= Ubuhake =

Ubuhake is the name given to the social order in the Tutsi-ruled kingdoms of Rwanda and Burundi from approximately the 15th century to 1958. It has been frequently compared to European feudalism. Based on cattle distribution, it was, however, a much smaller system than the one of uburetwa, which affected a much larger segment of the population and was based on land distribution. The Tutsi monarchy used the land distribution system of uburetwa to centralise control of the lands in most of Rwanda in a system called igikingi. Only the northwest of Rwanda, where Hutu land owners refused to submit, were not part of igikingi.

The two dominant ethnic groups in both Rwanda and Burundi are the Tutsis and Hutus. One of the chief historical distinctions between them was that Tutsis were primarily cattle-raisers while Hutus were farmers.

Initially, the ubuhake contract stipulated that Hutus were entitled to use Tutsis cattle in exchange for service, be it personal or military. Similarly, land that had come under Tutsi control could be used in a similar way in the uburetwa system. It gradually evolved to a class system in which land, cattle, and power were consolidated in the Tutsi group, and Hutus became indentured servants to Tutsi lords, who granted them protection, cattle, and the use of land in exchange for service and farm produce. Intermarriage between Hutu women and Tutsi men was strictly forbidden, although Hutu men often married Tutsi women. At the summit of this feudal pyramid was the mwami, or Tutsi king, who was regarded as being of divine ancestry.

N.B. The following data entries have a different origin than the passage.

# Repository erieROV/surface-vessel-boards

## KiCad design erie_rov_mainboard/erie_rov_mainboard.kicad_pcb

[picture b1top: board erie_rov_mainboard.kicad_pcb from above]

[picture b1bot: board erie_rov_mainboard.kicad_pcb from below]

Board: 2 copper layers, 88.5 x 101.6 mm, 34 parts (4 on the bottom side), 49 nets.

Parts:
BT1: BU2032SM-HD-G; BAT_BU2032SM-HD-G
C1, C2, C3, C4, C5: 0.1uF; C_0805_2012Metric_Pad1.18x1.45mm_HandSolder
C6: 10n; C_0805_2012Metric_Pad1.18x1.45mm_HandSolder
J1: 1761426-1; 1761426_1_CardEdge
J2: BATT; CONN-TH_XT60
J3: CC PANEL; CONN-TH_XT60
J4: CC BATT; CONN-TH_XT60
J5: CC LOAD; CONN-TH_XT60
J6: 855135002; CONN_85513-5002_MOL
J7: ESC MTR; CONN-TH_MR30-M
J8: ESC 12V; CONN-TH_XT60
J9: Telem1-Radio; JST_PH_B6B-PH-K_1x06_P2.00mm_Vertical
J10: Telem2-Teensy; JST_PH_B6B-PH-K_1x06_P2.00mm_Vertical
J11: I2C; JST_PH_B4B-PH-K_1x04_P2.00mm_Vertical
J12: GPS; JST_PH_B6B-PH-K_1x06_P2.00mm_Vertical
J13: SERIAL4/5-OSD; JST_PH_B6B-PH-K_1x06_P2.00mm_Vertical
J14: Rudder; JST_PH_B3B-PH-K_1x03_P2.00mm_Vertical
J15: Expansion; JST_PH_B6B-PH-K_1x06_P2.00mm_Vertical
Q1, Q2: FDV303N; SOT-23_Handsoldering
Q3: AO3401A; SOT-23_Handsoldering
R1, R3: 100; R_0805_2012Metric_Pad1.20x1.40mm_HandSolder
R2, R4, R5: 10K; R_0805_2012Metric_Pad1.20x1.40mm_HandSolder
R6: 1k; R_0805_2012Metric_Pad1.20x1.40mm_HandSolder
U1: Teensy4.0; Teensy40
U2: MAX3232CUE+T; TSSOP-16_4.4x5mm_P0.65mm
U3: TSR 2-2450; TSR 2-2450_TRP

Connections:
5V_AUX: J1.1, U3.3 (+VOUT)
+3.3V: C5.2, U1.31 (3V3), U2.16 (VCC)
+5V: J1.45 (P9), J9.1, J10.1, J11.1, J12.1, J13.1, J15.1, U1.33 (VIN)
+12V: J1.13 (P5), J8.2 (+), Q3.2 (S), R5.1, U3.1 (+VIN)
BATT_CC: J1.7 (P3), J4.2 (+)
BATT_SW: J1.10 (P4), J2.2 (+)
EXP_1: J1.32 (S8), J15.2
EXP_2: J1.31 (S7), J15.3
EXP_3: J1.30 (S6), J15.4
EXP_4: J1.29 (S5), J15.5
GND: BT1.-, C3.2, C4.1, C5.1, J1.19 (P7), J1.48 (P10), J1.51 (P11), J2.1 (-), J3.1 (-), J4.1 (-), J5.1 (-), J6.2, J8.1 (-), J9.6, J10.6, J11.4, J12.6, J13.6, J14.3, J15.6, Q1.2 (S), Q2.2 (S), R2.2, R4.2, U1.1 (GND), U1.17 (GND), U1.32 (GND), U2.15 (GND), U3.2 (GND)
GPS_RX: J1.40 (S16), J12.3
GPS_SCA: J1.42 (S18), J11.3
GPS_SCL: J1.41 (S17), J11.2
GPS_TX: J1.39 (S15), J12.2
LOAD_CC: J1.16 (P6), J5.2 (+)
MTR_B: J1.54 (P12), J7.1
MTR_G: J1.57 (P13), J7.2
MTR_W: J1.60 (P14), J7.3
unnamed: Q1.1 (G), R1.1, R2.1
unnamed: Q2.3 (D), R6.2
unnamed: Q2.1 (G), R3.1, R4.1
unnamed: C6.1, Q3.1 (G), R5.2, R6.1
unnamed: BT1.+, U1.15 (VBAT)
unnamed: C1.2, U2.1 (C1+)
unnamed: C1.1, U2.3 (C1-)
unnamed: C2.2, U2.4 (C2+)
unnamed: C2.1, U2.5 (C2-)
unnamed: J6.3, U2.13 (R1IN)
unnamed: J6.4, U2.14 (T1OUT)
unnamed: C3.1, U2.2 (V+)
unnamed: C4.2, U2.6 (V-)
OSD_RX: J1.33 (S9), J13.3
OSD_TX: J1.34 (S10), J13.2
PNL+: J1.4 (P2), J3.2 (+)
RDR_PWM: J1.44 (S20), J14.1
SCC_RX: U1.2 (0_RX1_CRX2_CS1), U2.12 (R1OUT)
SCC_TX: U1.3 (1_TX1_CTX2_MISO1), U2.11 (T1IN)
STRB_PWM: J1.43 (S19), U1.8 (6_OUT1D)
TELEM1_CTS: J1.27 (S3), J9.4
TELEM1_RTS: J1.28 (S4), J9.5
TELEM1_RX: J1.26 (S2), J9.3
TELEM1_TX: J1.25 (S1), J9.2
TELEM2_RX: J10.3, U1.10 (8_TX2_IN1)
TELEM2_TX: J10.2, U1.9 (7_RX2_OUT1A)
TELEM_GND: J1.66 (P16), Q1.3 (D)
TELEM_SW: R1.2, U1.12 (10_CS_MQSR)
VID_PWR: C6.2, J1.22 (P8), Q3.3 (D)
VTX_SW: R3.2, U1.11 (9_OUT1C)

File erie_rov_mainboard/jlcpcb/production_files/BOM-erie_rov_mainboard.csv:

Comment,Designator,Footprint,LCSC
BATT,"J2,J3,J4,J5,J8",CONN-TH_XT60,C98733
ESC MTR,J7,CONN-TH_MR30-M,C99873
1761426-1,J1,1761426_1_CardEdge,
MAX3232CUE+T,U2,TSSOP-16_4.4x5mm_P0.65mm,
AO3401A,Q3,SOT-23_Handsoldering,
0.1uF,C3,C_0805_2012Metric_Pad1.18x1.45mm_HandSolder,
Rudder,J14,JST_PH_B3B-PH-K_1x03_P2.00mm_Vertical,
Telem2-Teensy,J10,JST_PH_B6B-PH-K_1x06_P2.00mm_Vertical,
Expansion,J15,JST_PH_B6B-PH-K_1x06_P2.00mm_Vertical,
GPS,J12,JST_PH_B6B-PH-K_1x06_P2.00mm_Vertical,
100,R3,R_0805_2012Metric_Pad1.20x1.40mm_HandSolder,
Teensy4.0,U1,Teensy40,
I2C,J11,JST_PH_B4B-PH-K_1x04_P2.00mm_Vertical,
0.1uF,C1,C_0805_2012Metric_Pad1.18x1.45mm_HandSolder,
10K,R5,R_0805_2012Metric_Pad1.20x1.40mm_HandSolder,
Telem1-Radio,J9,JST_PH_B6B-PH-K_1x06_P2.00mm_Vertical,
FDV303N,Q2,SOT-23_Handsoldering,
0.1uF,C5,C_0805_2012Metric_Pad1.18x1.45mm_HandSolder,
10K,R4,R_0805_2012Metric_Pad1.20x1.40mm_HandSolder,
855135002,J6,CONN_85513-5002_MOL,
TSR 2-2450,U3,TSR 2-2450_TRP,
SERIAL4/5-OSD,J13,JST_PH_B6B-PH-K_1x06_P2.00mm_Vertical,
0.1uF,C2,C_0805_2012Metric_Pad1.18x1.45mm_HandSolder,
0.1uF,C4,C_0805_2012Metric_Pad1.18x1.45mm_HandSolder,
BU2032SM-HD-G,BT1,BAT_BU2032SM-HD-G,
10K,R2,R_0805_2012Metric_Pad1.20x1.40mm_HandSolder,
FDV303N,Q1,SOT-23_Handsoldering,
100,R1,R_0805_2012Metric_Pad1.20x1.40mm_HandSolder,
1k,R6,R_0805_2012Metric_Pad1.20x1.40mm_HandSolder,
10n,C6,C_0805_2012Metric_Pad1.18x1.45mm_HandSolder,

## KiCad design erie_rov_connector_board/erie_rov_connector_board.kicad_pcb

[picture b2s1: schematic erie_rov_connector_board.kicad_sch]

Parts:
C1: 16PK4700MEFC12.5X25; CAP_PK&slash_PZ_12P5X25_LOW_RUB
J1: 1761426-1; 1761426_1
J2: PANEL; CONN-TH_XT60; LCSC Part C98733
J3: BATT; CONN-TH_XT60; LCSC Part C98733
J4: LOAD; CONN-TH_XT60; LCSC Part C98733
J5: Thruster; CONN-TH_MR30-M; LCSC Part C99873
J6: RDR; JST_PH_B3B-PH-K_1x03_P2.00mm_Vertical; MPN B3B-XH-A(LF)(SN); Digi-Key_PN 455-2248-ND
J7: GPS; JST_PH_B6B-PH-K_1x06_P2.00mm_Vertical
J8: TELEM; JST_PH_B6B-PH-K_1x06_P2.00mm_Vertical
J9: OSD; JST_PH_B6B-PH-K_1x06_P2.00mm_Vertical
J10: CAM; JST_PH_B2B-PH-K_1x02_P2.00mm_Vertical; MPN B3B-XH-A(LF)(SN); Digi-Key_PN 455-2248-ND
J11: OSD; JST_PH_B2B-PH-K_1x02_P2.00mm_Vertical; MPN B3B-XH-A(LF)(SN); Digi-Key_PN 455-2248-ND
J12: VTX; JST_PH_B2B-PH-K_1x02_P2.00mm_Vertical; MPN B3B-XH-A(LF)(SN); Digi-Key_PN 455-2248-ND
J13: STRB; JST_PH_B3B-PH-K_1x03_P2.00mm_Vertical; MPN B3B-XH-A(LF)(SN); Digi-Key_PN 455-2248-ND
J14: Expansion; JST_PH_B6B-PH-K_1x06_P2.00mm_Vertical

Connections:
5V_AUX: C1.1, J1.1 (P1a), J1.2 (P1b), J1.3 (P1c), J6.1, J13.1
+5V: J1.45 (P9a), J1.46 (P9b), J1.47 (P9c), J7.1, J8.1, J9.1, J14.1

The ubuhake and uburetwa systems were condoned by the European colonialists of Rwanda and Burundi, Germany and later Belgium, who supported the Tutsi aristocracy in order to maintain control. However, the colonialists demanded that the labor also be done for the benefit of the colonial administration, instead of just for the Tutsi aristocracy.

The continued promotion of a single ethnic group became politically difficult for Belgium in the postwar period, however. Many European powers were granting independence to their colonies, and Belgium moved to phase out the ubuhake and uburetwa systems in Rwanda by 1958, having convinced the Mwami to give up the system in 1954. Increasing pressure against the ubuhake and uburetwa systems from Hutu solidarity movements, particularly Grégoire Kayibanda's Parmehutu party in Rwanda, ensured that the system was abolished entirely with the victory of Parmehutu in the 1961 Rwandan parliamentary election.

The ubuhake and uburetwa system, and its exploitation by both Tutsi Mwamis and by European colonial powers, is one source of antagonism between the Hutu and Tutsis. Many of the recent events in both countries can be traced to this historical tension, including the 1994 Rwandan genocide.

==Similarities to Bugandan land distribution systems==
In Buganda, leaders also exerted control through title to land, rather than lineages. Uganda was also a heavily populated area. A hereditary king (called the kabaka) and a landed nobility provided a structure similar to those in northern Rwanda at the time of the arrival of European explorers.